She did not reply, and abruptly he turned, and was gone. She heard him getting his hat in the hall, and an instant later the door slammed.

“As long as you admit I don’t deserve it,” she said aloud; and feeling something in her hand, looked at it and found a strand of fine blond hair twisted between her fingers. That’s a pity, she thought.

It was a month or more before he showed up again.

That night in bed she amused herself matching the after-noon’s episode with the Albert of four years back. He had always been direct, but directness like everything else is a matter of degree; he had always been stupid too, but never so stupid as this.

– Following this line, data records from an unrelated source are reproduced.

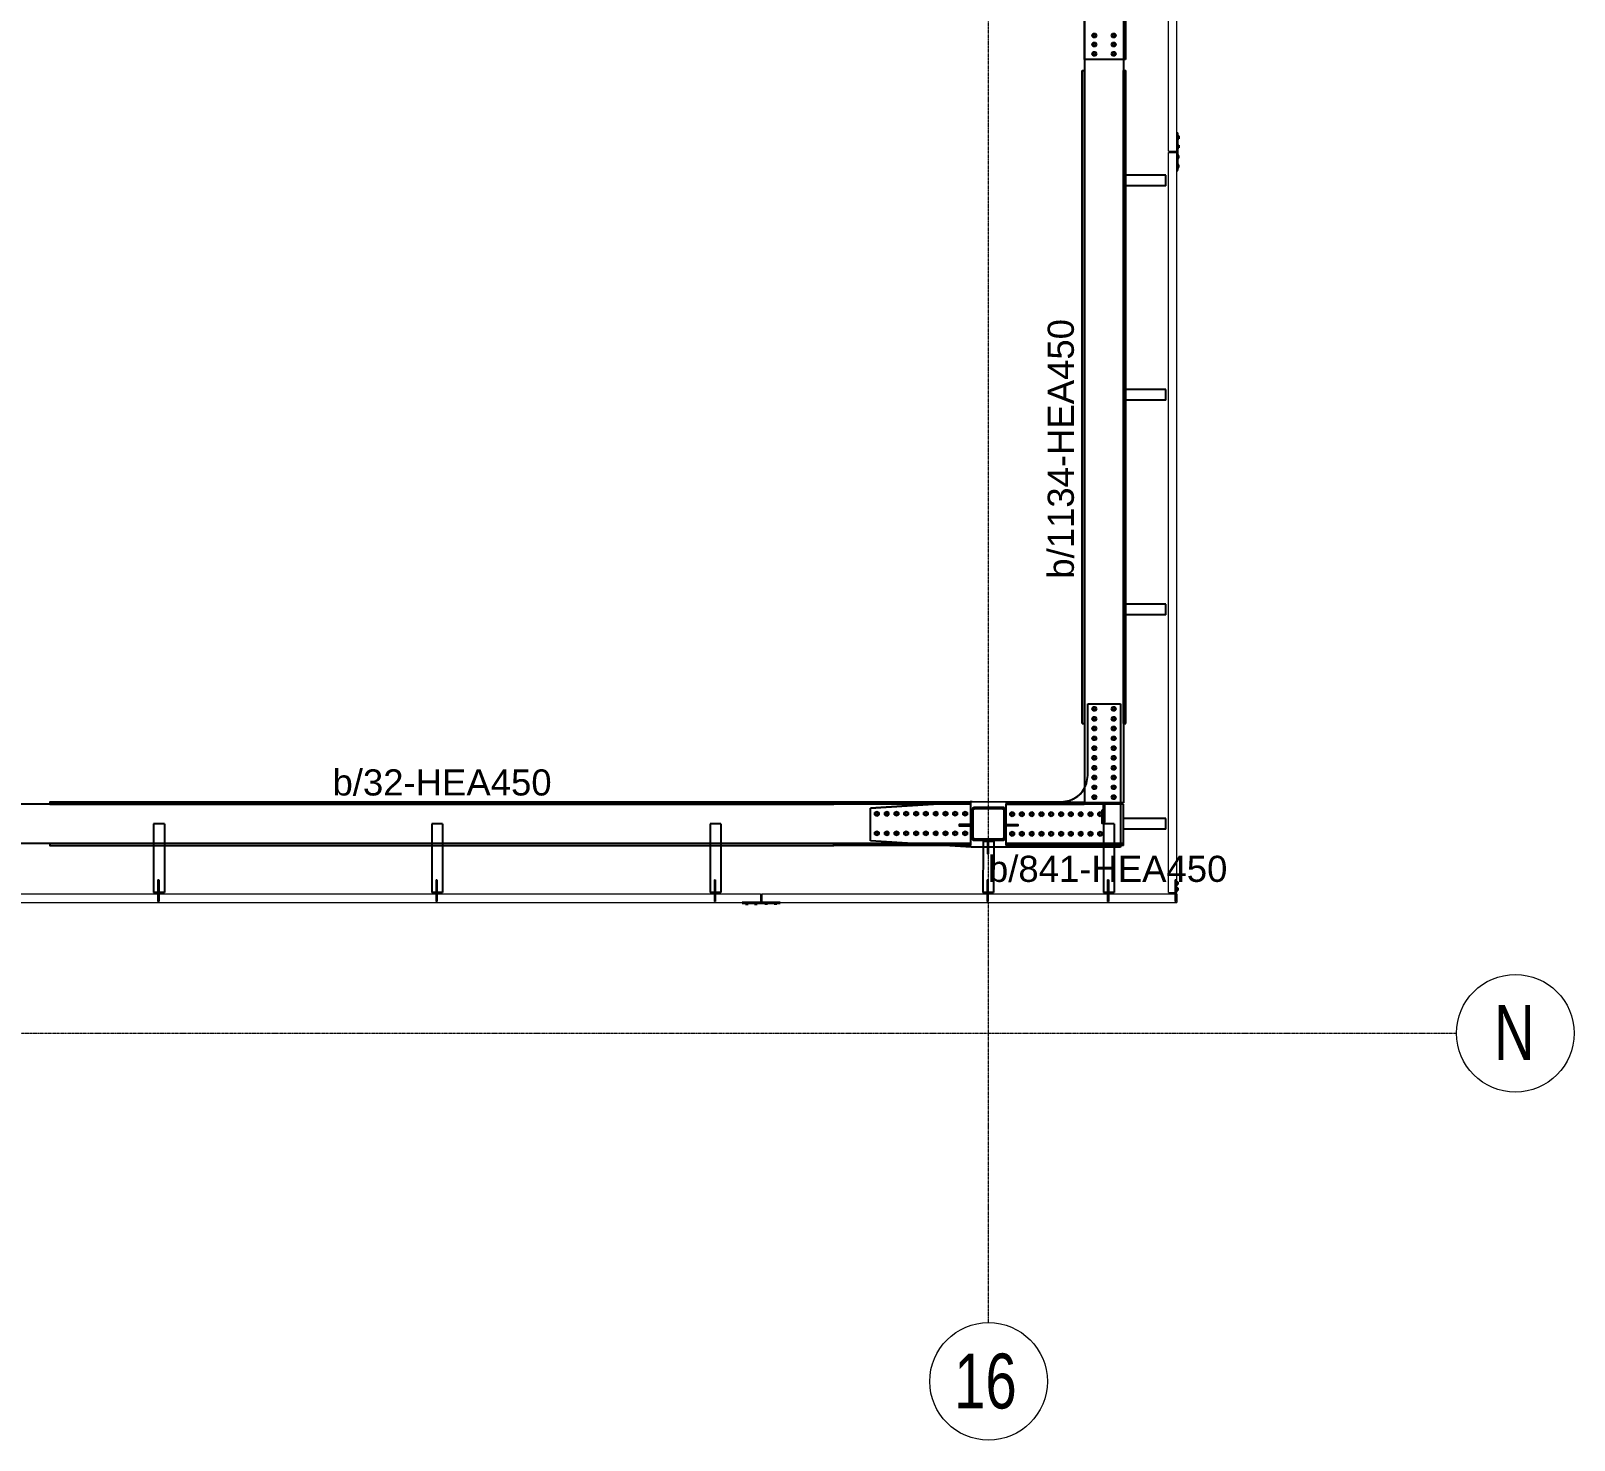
# Model space of a CAD drawing. Extents: x 7536 to 102814, y -9868 to 35131.
# Drawn here: x 91002 to 102814, y 2840 to 13631 of the extents above; entities that cross this region are included whole.
import ezdxf
from ezdxf.enums import TextEntityAlignment as Align

# ---------------------------------------------------------------- set-up
doc = ezdxf.new("R2010")
doc.units = 0
doc.header["$LTSCALE"] = 0.4
doc.linetypes.add('DXK_LINE_DOT2', pattern=[3.9198, 1.9599, -1.9599])
doc.linetypes.add('Grid Line', pattern=[3.33375, 1.905, -0.47625, 0.47625, -0.47625])
doc.layers.get('0').update_dxf_attribs({"color": 255})
for name, color, linetype, lineweight in [('0-1', 7, 'Continuous', 5), ('E_COLUMNAS-1', 1, 'Continuous', 25), ('E_COLUMNAS-3', 1, 'Continuous', 35), ('E_EJES', 8, 'Continuous', 9), ('E_EJES-1', 8, 'Grid Line', 9), ('E_TEXTO', 3, 'Continuous', 9), ('S-COLS-HDLN-1', 52, 'Continuous', 9), ('S-COLS-HDLN-2', 52, 'Continuous', 35)]:
    doc.layers.add(name, color=color, linetype=linetype, lineweight=lineweight)
doc.layers.add('P-PLATINA', color=6, linetype='Continuous')
doc.layers.add('VIGAS', color=8, linetype='Continuous')
doc.styles.add('Swis721 LtCn BT', font='swisscl.ttf', dxfattribs={"height": 0.42})
doc.styles.add('VERDANA', font='arial.ttf')

# ---------------------------------------------------------------- blocks, each defined once
blk = doc.blocks.new('Grid - CNI_NOMBRE EJES-372759-_6_00m_N_E_-NIVEL-2 DOC')
at = {"layer": 'E_EJES'}
blk.add_circle((0, 0), 0.003, dxfattribs=at)
blk = doc.blocks.new('EST_SCM_COLUMNA-METALICA-SECCION-CUADRADA - EST_SCM_COLUMNA-TUBULAR-CUADRADA_PTEØ_250x250e_8mm-V60-_10_00m_N_E_-NIVEL-3 DOC')
at = {"layer": 'S-COLS-HDLN-1'}
h = blk.add_hatch(dxfattribs=at)
h.set_pattern_fill('FP_33', color=256, style=0, pattern_type=2)
h.set_pattern_definition([(135, (-2.34, -142.266), (-0.15909903, -0.15909903), [])])
h.paths.add_polyline_path([(-0.109, -0.125), (0.109, -0.125), (0.12, -0.12), (0.125, -0.108), (0.124, 0.111), (0.118, 0.121), (0.109, 0.125), (-0.113, 0.123), (-0.12, 0.12), (-0.125, 0.109), (-0.124, -0.11), (-0.12, -0.12), (-0.113, -0.123)])
h.paths.add_polyline_path([(0.109, -0.117), (-0.109, -0.117), (-0.115, -0.115), (-0.117, -0.109), (-0.117, 0.109), (-0.115, 0.115), (-0.109, 0.117), (0.109, 0.117), (0.115, 0.115), (0.117, 0.109), (0.117, -0.109), (0.115, -0.115)])
at = {"layer": 'E_COLUMNAS-1'}
for p, q in [((0.109, 0.125), (-0.109, 0.125)), ((-0.125, 0.109), (-0.125, -0.109)), ((-0.117, -0.109), (-0.117, 0.109)), ((-0.109, 0.117), (0.109, 0.117)), ((0.117, 0.109), (0.117, -0.109)), ((0.125, -0.109), (0.125, 0.109)), ((0.109, -0.117), (-0.109, -0.117)), ((-0.109, -0.125), (0.109, -0.125))]:
    blk.add_line(p, q, dxfattribs=at)
for centre, radius, start, end in [((-0.109, 0.109), 0.016, 90, 180), ((-0.109, 0.109), 0.016, 139.7676, 178.6233), ((-0.109, 0.109), 0.016, 91.3767, 130.2324), ((0.109, 0.109), 0.016, 360, 90), ((0.109, 0.109), 0.016, 53.1878, 88.6233), ((0.109, 0.109), 0.016, 1.3767, 40.2324), ((-0.109, 0.109), 0.008, 90, 180), ((0.109, 0.109), 0.008, 0, 90), ((-0.109, -0.109), 0.016, 180, 270), ((-0.109, -0.109), 0.016, 181.3767, 220.2324), ((-0.109, -0.109), 0.008, 180, 270), ((0.109, -0.109), 0.016, 270, 360), ((0.109, -0.109), 0.008, 270, 360), ((0.109, -0.109), 0.016, 319.7676, 358.6233), ((-0.109, -0.109), 0.016, 229.7676, 268.6233), ((0.109, -0.109), 0.016, 271.3767, 306.8122)]:
    blk.add_arc(centre, radius, start, end, dxfattribs=at)
at = {"layer": 'S-COLS-HDLN-2'}
for centre, radius, start, end in [((-0.109, 0.109), 0.016, 130.4121, 139.5879), ((0.109, 0.109), 0.016, 40.4121, 53.0081), ((-0.109, 0.109), 0.008, 92.7534, 177.2466), ((0.109, 0.109), 0.008, 2.7534, 87.2466), ((-0.109, -0.109), 0.008, 182.7534, 267.2466), ((0.109, -0.109), 0.008, 272.7534, 357.2466), ((-0.109, -0.109), 0.016, 220.4121, 229.5879), ((0.109, -0.109), 0.016, 306.9919, 319.5879)]:
    blk.add_arc(centre, radius, start, end, dxfattribs=at)

msp = doc.modelspace()

# ---------------------------------------------------------------- linework, layer by layer
at = {"color": 1, "linetype": 'Continuous'}
for centre, radius, start, end in [((99140.9, 13595.9), 11.5, 107.99999, 287.99999), ((99140.9, 13595.9), 10, 359.99999, 179.99999), ((99140.9, 13595.9), 10, 179.99999, 359.99999), ((99140.9, 13595.9), 11.5, 287.99999, 107.99999), ((99290.9, 13595.9), 11.5, 107.99999, 287.99999), ((99290.9, 13595.9), 10, 359.99999, 179.99999), ((99290.9, 13595.9), 10, 179.99999, 359.99999), ((99290.9, 13595.9), 11.5, 287.99999, 107.99999), ((99140.9, 13525.9), 11.5, 107.99999, 287.99999), ((99140.9, 13455.9), 11.5, 107.99999, 287.99999), ((99140.9, 13525.9), 10, 359.99999, 179.99999), ((99140.9, 13525.9), 10, 179.99999, 359.99999), ((99140.9, 13525.9), 11.5, 287.99999, 107.99999), ((99140.9, 13455.9), 11.5, 287.99999, 107.99999), ((99290.9, 13525.9), 11.5, 107.99999, 287.99999), ((99290.9, 13455.9), 11.5, 107.99999, 287.99999), ((99290.9, 13525.9), 10, 359.99999, 179.99999), ((99290.9, 13525.9), 10, 179.99999, 359.99999), ((99290.9, 13525.9), 11.5, 287.99999, 107.99999), ((99290.9, 13455.9), 11.5, 287.99999, 107.99999), ((99140.9, 13455.9), 10, 359.99999, 179.99999), ((99140.9, 13455.9), 10, 179.99999, 359.99999), ((99290.9, 13455.9), 10, 359.99999, 179.99999), ((99290.9, 13455.9), 10, 179.99999, 359.99999), ((99140.9, 8438.9), 11.5, 108, 288), ((99140.9, 8438.9), 10, 0, 180), ((99140.9, 8438.9), 10, 180, 0), ((99140.9, 8438.9), 11.5, 288, 108), ((99290.9, 8438.9), 11.5, 108, 288), ((99290.9, 8438.9), 10, 0, 180), ((99290.9, 8438.9), 10, 180, 0), ((99290.9, 8438.9), 11.5, 288, 108), ((99140.9, 8363.9), 11.5, 108, 288), ((99140.9, 8288.9), 11.5, 108, 288), ((99140.9, 8363.9), 10, 0, 180), ((99140.9, 8363.9), 10, 180, 0), ((99140.9, 8288.9), 10, 0, 180), ((99140.9, 8288.9), 10, 180, 0), ((99140.9, 8363.9), 11.5, 288, 108), ((99140.9, 8288.9), 11.5, 288, 108), ((99290.9, 8363.9), 11.5, 108, 288), ((99290.9, 8288.9), 11.5, 108, 288), ((99290.9, 8363.9), 10, 0, 180), ((99290.9, 8363.9), 10, 180, 0), ((99290.9, 8288.9), 10, 0, 180), ((99290.9, 8288.9), 10, 180, 0), ((99290.9, 8363.9), 11.5, 288, 108), ((99290.9, 8288.9), 11.5, 288, 108), ((99140.9, 8213.9), 11.5, 108, 288), ((99140.9, 8213.9), 10, 0, 180), ((99140.9, 8213.9), 10, 180, 0), ((99140.9, 8213.9), 11.5, 288, 108), ((99290.9, 8213.9), 11.5, 108, 288), ((99290.9, 8213.9), 10, 0, 180), ((99290.9, 8213.9), 10, 180, 0), ((99290.9, 8213.9), 11.5, 288, 108), ((99140.9, 8138.9), 11.5, 108, 288), ((99140.9, 8063.9), 11.5, 108, 288), ((99140.9, 8138.9), 10, 0, 180), ((99140.9, 8138.9), 10, 180, 0), ((99140.9, 8063.9), 10, 0, 180), ((99140.9, 8063.9), 10, 180, 0), ((99140.9, 8138.9), 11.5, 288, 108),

Once she had been very fond of him; still was, for that matter, for she would never forget his blunt and unassuming kindness during a whole year, a year and more, before there was any hint of a reward. Nor would she soon forget the uncomfortable and all but hopeless situation out of which he had yanked her.

Five years ago, she thought; yes, all of that, for Roy would soon be five. Just think of it, so short a time ago there had been no Morris, no Helen, no Roy! Now Roy could read, Helen could talk, Morris would soon have a tooth. But that was a fix for you, five years ago. Steve had gone for good, with so natural and unembarrassed a brutality that she had felt no resentment or indignation, leaving her lying on a couch in the living-dining-bedroom of a tiny furnished flat on which the rent would be due in three days, with — to his knowledge — something under three dollars in her purse and seven months of his child in her womb. Anne Whitman — poor Anne she had thought even then — waiting at the door below for him to come down with his bags, had gone with him.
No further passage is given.